[Records excerpted from a collection]
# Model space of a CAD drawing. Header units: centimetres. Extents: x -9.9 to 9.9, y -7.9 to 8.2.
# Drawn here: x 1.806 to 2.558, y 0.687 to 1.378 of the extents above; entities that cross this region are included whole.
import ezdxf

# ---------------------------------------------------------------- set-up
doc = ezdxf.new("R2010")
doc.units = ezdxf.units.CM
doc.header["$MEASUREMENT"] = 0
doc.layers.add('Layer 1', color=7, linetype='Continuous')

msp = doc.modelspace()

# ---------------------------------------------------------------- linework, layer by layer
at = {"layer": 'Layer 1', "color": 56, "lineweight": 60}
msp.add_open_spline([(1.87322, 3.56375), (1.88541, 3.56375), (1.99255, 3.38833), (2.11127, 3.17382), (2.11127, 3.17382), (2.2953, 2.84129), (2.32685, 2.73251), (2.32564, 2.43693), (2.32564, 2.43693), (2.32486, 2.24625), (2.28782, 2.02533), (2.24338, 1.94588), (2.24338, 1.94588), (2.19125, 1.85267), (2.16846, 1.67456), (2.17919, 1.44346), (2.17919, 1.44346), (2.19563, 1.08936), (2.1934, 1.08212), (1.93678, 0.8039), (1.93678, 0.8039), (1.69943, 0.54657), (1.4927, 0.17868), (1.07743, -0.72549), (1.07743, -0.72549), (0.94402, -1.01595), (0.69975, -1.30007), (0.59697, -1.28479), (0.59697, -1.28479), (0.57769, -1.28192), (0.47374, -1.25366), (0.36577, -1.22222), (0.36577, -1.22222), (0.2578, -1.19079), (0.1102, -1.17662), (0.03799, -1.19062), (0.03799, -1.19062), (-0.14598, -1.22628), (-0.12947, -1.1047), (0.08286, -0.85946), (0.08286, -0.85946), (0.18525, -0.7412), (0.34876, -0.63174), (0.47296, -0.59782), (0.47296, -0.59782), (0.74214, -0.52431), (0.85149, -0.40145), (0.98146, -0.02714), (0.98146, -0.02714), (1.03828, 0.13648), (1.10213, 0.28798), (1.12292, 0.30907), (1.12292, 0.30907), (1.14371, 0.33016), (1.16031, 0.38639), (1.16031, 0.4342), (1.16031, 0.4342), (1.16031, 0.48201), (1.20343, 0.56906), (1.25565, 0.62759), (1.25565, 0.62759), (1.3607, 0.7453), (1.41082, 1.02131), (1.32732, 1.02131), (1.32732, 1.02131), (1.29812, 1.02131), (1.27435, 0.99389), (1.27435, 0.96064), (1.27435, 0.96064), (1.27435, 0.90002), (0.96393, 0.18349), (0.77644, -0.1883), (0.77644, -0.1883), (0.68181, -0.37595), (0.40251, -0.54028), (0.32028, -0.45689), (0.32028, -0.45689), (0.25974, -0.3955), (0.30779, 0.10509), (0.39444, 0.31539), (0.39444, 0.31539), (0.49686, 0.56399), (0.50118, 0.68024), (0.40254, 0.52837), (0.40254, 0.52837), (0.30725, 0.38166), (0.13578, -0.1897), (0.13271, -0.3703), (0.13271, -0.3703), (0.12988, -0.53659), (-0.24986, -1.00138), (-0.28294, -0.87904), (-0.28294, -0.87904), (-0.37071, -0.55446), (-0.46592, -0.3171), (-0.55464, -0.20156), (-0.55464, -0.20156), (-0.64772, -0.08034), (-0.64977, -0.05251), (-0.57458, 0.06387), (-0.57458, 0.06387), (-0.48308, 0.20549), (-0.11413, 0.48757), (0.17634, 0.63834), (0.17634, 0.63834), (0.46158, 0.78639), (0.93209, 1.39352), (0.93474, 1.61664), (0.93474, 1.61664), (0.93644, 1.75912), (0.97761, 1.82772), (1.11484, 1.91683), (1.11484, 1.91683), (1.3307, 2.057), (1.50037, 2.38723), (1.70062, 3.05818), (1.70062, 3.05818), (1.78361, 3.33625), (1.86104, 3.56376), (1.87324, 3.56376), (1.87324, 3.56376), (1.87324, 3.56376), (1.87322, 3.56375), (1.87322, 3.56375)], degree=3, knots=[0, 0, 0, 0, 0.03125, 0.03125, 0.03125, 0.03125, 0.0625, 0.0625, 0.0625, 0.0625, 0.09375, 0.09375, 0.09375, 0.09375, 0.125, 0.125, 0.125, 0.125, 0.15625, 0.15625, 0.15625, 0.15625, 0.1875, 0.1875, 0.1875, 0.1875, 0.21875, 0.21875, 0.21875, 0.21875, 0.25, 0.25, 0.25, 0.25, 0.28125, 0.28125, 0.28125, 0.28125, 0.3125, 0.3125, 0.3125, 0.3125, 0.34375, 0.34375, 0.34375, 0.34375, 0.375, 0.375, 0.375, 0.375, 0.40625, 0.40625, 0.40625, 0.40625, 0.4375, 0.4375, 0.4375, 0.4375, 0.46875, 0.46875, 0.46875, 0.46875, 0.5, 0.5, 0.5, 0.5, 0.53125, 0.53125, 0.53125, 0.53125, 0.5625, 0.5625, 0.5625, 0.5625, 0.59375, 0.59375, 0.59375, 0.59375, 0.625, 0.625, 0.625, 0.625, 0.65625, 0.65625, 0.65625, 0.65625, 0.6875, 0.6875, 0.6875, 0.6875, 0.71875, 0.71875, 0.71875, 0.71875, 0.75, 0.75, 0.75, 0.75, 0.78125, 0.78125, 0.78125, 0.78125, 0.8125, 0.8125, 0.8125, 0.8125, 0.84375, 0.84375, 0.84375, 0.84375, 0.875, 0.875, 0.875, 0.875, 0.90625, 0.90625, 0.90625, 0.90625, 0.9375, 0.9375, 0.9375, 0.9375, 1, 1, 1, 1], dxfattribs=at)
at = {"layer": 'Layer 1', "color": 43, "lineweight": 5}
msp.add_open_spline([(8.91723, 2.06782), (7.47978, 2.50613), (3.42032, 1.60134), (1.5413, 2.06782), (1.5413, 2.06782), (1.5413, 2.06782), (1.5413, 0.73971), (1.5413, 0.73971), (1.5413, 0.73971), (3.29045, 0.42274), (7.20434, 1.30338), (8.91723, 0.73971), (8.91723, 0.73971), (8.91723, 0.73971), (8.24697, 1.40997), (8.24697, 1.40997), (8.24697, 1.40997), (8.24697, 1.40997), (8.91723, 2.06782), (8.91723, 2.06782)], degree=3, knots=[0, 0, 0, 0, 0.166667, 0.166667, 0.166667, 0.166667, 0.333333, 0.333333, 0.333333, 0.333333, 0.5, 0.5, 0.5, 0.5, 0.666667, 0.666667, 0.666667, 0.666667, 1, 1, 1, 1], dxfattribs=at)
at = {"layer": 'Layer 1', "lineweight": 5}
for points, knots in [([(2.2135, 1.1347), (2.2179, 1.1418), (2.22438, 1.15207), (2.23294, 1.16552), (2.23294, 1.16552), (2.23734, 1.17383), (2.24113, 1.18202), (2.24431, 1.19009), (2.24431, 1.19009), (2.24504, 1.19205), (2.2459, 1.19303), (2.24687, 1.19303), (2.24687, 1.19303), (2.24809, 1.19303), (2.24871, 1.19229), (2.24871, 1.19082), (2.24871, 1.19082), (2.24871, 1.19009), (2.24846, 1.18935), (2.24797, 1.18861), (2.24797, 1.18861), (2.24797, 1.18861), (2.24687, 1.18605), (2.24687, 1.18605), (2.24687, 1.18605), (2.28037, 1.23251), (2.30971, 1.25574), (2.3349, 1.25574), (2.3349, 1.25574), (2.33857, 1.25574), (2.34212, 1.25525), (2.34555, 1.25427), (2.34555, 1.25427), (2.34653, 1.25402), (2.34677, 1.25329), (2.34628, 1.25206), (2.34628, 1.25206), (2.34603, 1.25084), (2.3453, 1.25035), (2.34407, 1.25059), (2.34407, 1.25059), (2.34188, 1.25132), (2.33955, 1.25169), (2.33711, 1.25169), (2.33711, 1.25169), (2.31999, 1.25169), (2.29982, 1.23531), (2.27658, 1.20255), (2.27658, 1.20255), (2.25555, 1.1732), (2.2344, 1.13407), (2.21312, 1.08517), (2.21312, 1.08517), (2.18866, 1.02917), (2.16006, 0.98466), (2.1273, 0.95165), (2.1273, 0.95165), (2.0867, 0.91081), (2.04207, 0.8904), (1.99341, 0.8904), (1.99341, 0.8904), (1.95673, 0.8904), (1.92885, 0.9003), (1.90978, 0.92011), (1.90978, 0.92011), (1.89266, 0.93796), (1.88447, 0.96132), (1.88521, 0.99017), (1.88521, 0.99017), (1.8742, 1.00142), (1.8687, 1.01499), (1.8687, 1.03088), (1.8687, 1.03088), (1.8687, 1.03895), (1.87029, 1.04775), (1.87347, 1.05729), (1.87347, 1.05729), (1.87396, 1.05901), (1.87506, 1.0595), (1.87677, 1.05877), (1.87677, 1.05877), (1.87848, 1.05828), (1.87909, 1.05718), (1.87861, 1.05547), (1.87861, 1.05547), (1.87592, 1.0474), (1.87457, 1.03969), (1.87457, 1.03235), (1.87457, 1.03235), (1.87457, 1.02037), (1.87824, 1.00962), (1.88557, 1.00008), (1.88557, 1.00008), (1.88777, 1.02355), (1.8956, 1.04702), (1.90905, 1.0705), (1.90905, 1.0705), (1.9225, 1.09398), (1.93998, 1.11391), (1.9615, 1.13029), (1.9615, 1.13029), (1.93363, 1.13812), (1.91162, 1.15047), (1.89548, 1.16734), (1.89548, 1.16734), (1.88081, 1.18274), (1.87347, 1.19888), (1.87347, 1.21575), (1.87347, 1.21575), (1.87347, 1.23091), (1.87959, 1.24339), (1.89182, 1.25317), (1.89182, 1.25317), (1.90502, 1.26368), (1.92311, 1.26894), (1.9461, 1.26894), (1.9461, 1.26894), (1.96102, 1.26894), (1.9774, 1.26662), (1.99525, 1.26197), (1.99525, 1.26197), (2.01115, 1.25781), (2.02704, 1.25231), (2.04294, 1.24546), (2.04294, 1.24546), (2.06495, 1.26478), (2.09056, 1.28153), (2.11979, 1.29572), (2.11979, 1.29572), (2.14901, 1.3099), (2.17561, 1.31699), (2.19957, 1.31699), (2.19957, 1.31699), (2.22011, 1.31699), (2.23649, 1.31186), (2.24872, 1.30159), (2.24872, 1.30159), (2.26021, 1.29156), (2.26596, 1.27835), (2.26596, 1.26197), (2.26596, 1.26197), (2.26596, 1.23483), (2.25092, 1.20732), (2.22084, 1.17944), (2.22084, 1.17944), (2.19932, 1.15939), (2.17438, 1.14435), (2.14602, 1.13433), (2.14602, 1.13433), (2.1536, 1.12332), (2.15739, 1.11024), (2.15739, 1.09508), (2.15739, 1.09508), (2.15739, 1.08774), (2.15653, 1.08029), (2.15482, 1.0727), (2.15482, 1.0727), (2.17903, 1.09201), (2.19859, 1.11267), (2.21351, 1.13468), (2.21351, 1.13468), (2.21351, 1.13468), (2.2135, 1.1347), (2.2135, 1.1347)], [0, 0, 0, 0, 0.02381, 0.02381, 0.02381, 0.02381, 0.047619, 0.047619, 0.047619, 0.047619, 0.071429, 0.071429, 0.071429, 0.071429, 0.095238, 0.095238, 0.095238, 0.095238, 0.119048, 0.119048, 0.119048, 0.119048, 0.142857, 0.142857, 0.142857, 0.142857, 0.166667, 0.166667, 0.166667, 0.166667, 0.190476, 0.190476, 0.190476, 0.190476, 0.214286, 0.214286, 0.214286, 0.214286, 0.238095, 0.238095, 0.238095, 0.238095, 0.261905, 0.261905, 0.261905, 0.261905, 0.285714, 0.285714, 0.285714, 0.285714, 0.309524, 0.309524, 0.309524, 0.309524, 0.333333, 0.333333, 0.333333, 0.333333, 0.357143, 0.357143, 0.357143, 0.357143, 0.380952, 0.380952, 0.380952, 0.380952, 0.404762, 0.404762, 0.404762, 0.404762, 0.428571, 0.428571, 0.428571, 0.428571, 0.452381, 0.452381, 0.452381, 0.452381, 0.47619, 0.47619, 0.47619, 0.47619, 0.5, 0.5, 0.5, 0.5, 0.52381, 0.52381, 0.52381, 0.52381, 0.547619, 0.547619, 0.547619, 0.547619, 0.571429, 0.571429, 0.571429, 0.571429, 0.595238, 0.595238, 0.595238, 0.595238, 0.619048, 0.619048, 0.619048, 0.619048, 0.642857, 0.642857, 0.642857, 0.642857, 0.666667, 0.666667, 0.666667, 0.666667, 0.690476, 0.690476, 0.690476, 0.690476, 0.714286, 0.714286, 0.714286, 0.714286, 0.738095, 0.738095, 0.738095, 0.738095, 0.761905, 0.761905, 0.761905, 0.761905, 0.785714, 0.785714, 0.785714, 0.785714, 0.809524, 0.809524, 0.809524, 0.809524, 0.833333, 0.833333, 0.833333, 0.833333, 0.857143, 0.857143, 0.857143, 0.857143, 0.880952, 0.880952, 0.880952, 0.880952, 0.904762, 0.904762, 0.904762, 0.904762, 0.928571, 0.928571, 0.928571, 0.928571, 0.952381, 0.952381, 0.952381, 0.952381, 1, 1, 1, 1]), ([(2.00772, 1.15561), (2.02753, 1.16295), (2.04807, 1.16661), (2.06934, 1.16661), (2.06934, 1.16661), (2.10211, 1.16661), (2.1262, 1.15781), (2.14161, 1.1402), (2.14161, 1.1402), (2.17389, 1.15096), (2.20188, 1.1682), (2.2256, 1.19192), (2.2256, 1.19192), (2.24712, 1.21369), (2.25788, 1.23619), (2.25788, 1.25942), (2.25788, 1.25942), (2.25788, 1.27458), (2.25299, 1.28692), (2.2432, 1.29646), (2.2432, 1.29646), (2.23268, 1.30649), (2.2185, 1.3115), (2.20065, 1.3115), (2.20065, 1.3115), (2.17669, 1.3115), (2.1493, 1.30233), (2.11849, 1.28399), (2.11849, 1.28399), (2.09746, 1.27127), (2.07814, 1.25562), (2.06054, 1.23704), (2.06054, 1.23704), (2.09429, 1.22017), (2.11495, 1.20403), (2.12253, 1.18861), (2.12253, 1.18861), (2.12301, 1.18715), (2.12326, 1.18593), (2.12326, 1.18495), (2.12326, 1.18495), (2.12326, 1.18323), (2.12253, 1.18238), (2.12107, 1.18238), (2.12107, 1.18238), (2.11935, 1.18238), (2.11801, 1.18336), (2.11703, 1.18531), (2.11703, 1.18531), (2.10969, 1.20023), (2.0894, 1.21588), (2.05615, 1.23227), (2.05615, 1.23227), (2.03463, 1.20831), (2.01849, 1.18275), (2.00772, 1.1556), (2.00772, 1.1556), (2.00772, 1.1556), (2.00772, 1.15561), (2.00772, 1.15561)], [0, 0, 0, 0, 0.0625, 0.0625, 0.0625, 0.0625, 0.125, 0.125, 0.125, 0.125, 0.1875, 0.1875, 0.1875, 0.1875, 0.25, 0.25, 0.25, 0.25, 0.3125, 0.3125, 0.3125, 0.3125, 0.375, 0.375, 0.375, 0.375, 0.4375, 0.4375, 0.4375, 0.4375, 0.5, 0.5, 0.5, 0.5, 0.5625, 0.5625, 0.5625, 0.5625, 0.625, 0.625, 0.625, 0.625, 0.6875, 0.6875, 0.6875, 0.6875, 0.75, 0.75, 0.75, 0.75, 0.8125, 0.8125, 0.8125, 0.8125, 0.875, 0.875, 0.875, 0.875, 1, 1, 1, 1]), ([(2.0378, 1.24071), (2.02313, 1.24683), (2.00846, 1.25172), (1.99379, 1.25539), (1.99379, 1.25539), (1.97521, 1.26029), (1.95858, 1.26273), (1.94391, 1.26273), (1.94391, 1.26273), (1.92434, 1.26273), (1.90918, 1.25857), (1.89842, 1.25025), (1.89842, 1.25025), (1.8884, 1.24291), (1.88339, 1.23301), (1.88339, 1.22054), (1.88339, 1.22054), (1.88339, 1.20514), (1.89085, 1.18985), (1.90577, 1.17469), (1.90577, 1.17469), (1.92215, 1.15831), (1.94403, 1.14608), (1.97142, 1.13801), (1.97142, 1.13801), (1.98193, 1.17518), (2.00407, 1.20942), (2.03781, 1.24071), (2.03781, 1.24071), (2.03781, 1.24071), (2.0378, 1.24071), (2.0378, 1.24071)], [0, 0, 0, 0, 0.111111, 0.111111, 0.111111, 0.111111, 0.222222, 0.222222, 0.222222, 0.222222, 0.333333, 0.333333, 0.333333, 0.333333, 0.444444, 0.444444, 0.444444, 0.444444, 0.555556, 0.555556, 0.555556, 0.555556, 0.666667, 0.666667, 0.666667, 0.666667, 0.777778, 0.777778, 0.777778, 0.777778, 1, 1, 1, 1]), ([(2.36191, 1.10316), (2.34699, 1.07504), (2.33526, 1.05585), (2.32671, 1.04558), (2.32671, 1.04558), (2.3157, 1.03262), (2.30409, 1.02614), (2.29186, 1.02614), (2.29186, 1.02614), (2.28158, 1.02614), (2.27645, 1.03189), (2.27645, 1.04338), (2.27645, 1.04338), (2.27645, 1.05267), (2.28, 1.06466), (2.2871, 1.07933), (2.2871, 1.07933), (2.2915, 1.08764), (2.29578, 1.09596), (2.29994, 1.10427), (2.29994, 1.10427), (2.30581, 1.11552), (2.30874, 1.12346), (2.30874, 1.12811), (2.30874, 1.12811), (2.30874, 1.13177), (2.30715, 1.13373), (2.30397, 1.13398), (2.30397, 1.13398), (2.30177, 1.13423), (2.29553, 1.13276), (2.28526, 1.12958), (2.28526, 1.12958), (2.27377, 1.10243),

§ What is required:
Which lines above include the word "color"? Return each one.

§ Solved exercise:
doc.layers.add('Layer 1', color=7, linetype='Continuous')
at = {"layer": 'Layer 1', "color": 56, "lineweight": 60}
at = {"layer": 'Layer 1', "color": 43, "lineweight": 5}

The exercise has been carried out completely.